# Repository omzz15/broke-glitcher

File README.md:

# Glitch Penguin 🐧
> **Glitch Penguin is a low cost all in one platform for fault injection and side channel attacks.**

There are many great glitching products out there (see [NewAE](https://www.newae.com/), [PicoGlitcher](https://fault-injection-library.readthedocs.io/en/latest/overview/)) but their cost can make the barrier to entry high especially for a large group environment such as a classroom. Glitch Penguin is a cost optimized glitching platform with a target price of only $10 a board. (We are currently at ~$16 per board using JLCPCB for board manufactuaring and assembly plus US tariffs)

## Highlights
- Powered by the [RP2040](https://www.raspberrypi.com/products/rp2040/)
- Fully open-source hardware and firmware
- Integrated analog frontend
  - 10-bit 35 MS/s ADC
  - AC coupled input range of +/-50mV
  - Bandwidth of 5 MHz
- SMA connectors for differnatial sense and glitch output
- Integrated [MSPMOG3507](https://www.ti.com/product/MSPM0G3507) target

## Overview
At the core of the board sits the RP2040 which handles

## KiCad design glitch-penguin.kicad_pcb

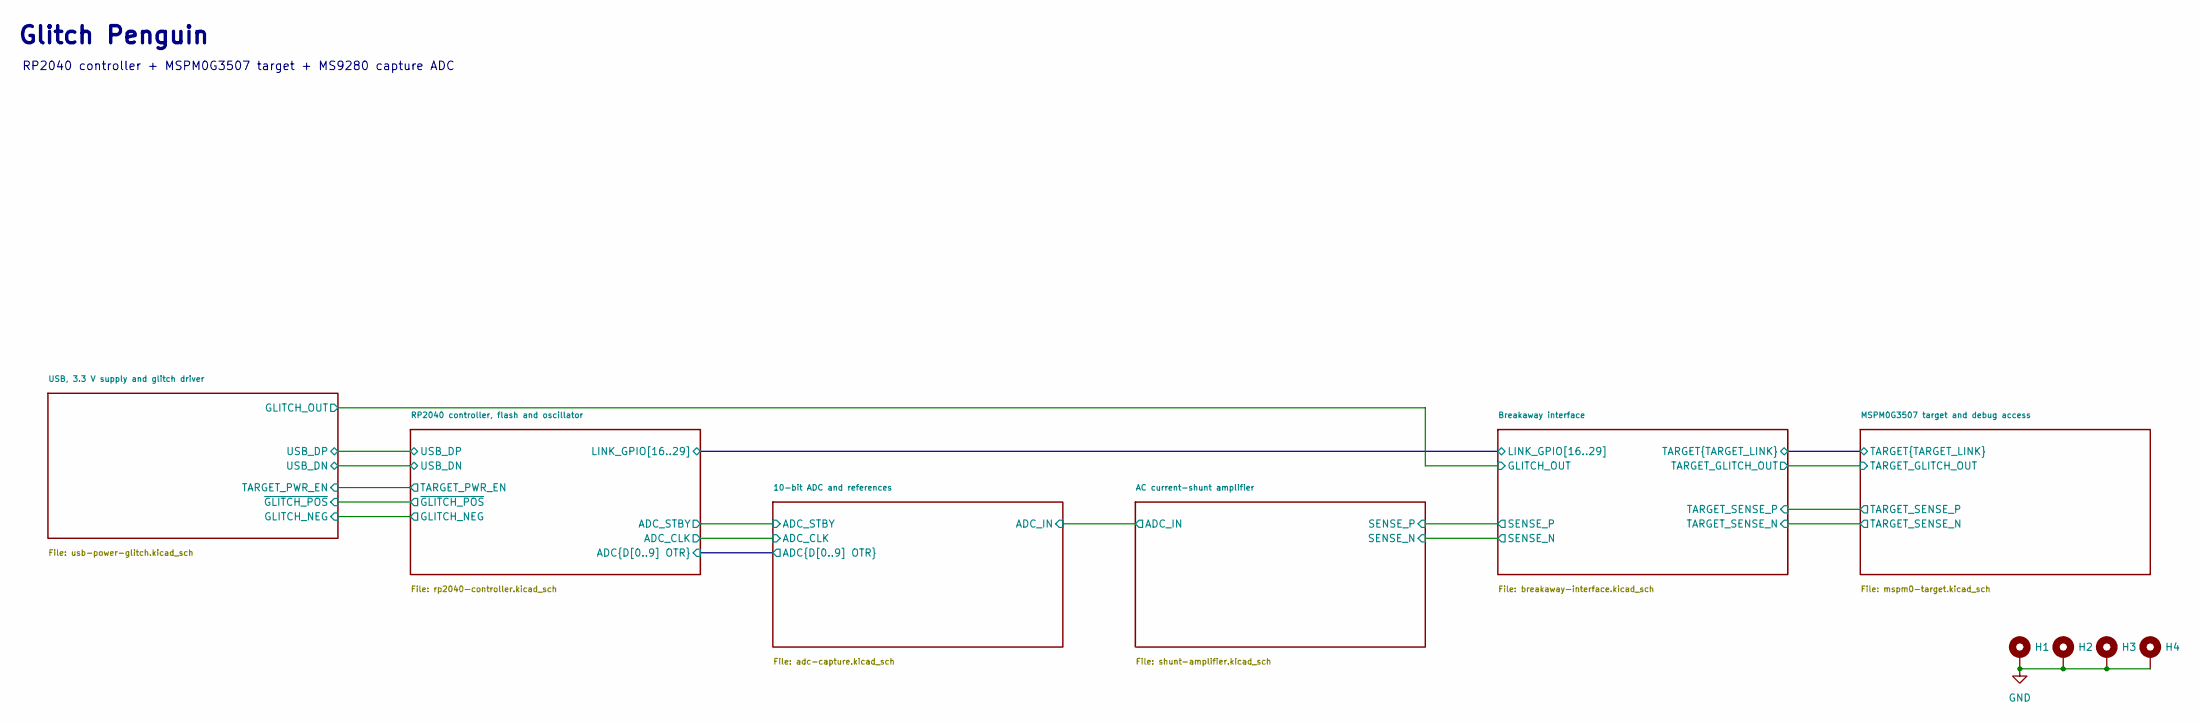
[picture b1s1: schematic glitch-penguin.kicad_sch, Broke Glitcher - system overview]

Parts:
H1, H2, H3, H4: MountingHole_Pad; MountingHole_2.2mm_M2_Pad

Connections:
GND: H1.1 (1_1), H2.1 (1_1), H3.1 (1_1), H4.1 (1_1); also elsewhere on the board

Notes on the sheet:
Glitch Penguin
RP2040 controller + MSPM0G3507 target + MS9280 capture ADC

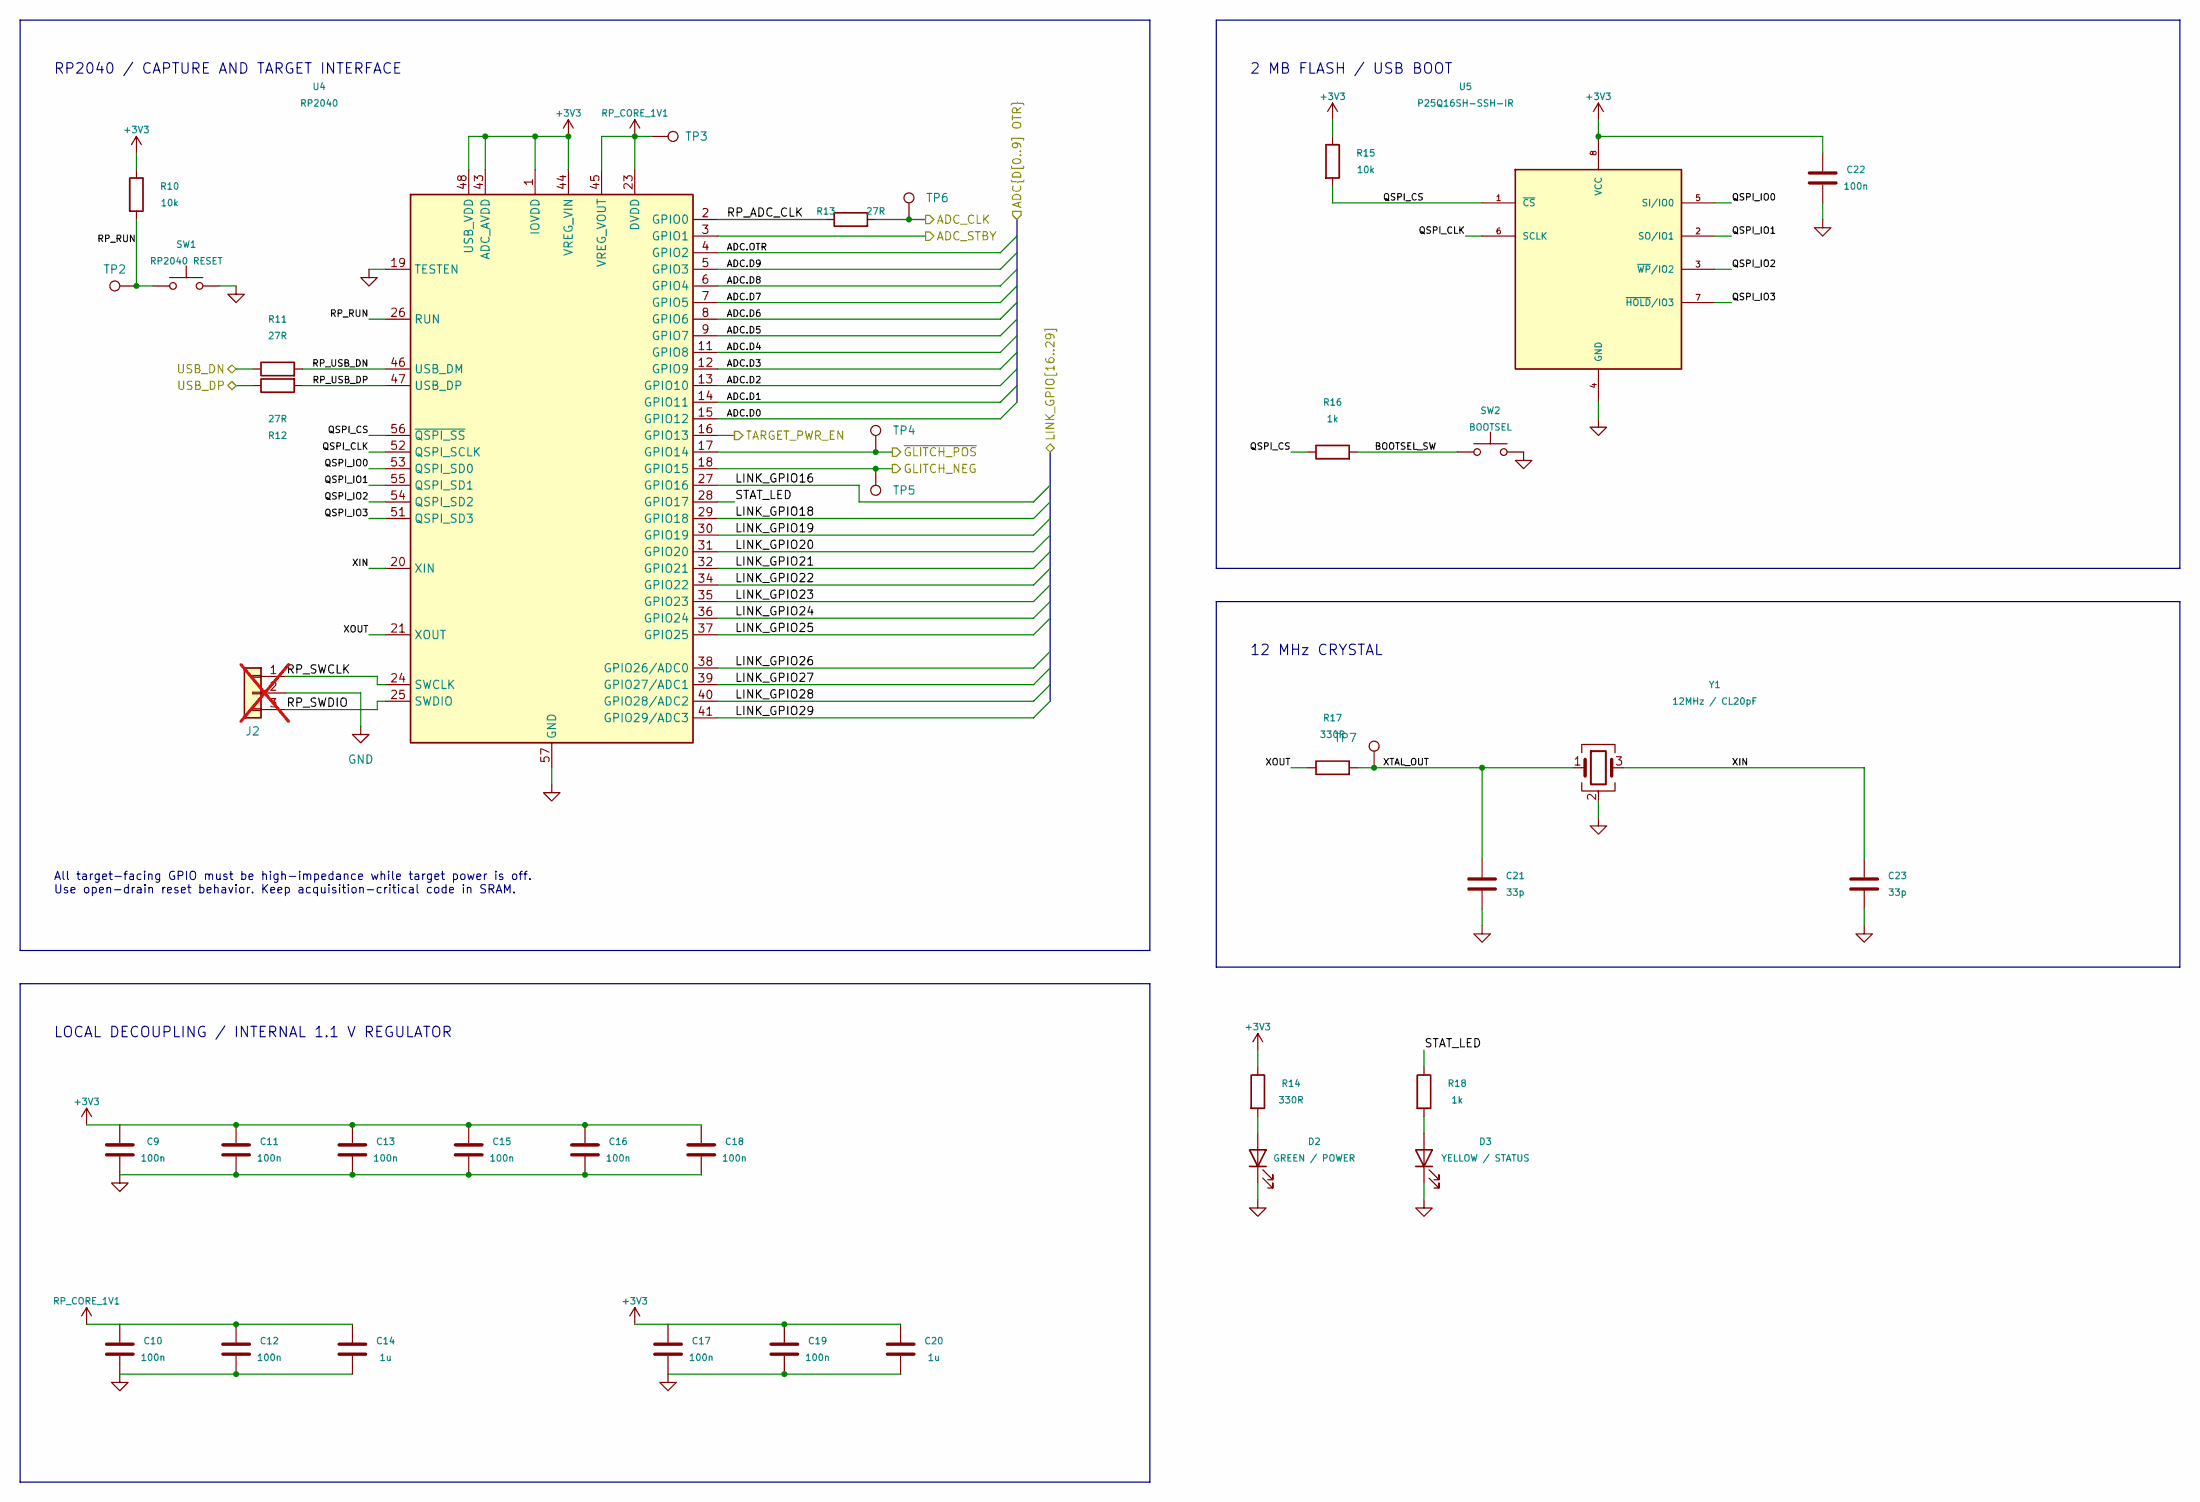
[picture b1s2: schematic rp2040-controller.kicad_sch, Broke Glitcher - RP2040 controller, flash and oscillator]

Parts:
C9, C10, C11, C12, C13, C15, C16, C17, C18, C19, C22: 100n; C_0402_1005Metric; Tolerance ±10%; Voltage Rating 16 V; MPN CL05B104KO5NNNC; LCSC Part # C1525
C14, C20: 1u; C_0603_1608Metric; MPN CL10A105KB8NNNC; LCSC Part # C15849
C21, C23: 33p; C_0402_1005Metric; Tolerance ±5%; Voltage Rating 50 V; MPN 0402CG330J500NT; LCSC Part # C1562
D2: GREEN / POWER; LED_0603_1608Metric; MPN KT-0603G; LCSC Part # C12624
D3: YELLOW / STATUS; LED_0603_1608Metric; MPN KT-0603Y; LCSC Part # C2287
J2: Conn_01x03; PinHeader_1x03_P2.54mm_Vertical; not fitted
R10, R15: 10k; R_0402_1005Metric; Tolerance ±1%; Voltage Rating 50 V; MPN 0402WGF1002TCE; LCSC Part # C25744
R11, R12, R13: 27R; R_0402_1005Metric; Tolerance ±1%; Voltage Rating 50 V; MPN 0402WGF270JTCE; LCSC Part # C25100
——————————
Reply with one number: the count of lines in the entries that include the word "schematic".

> Answer section
2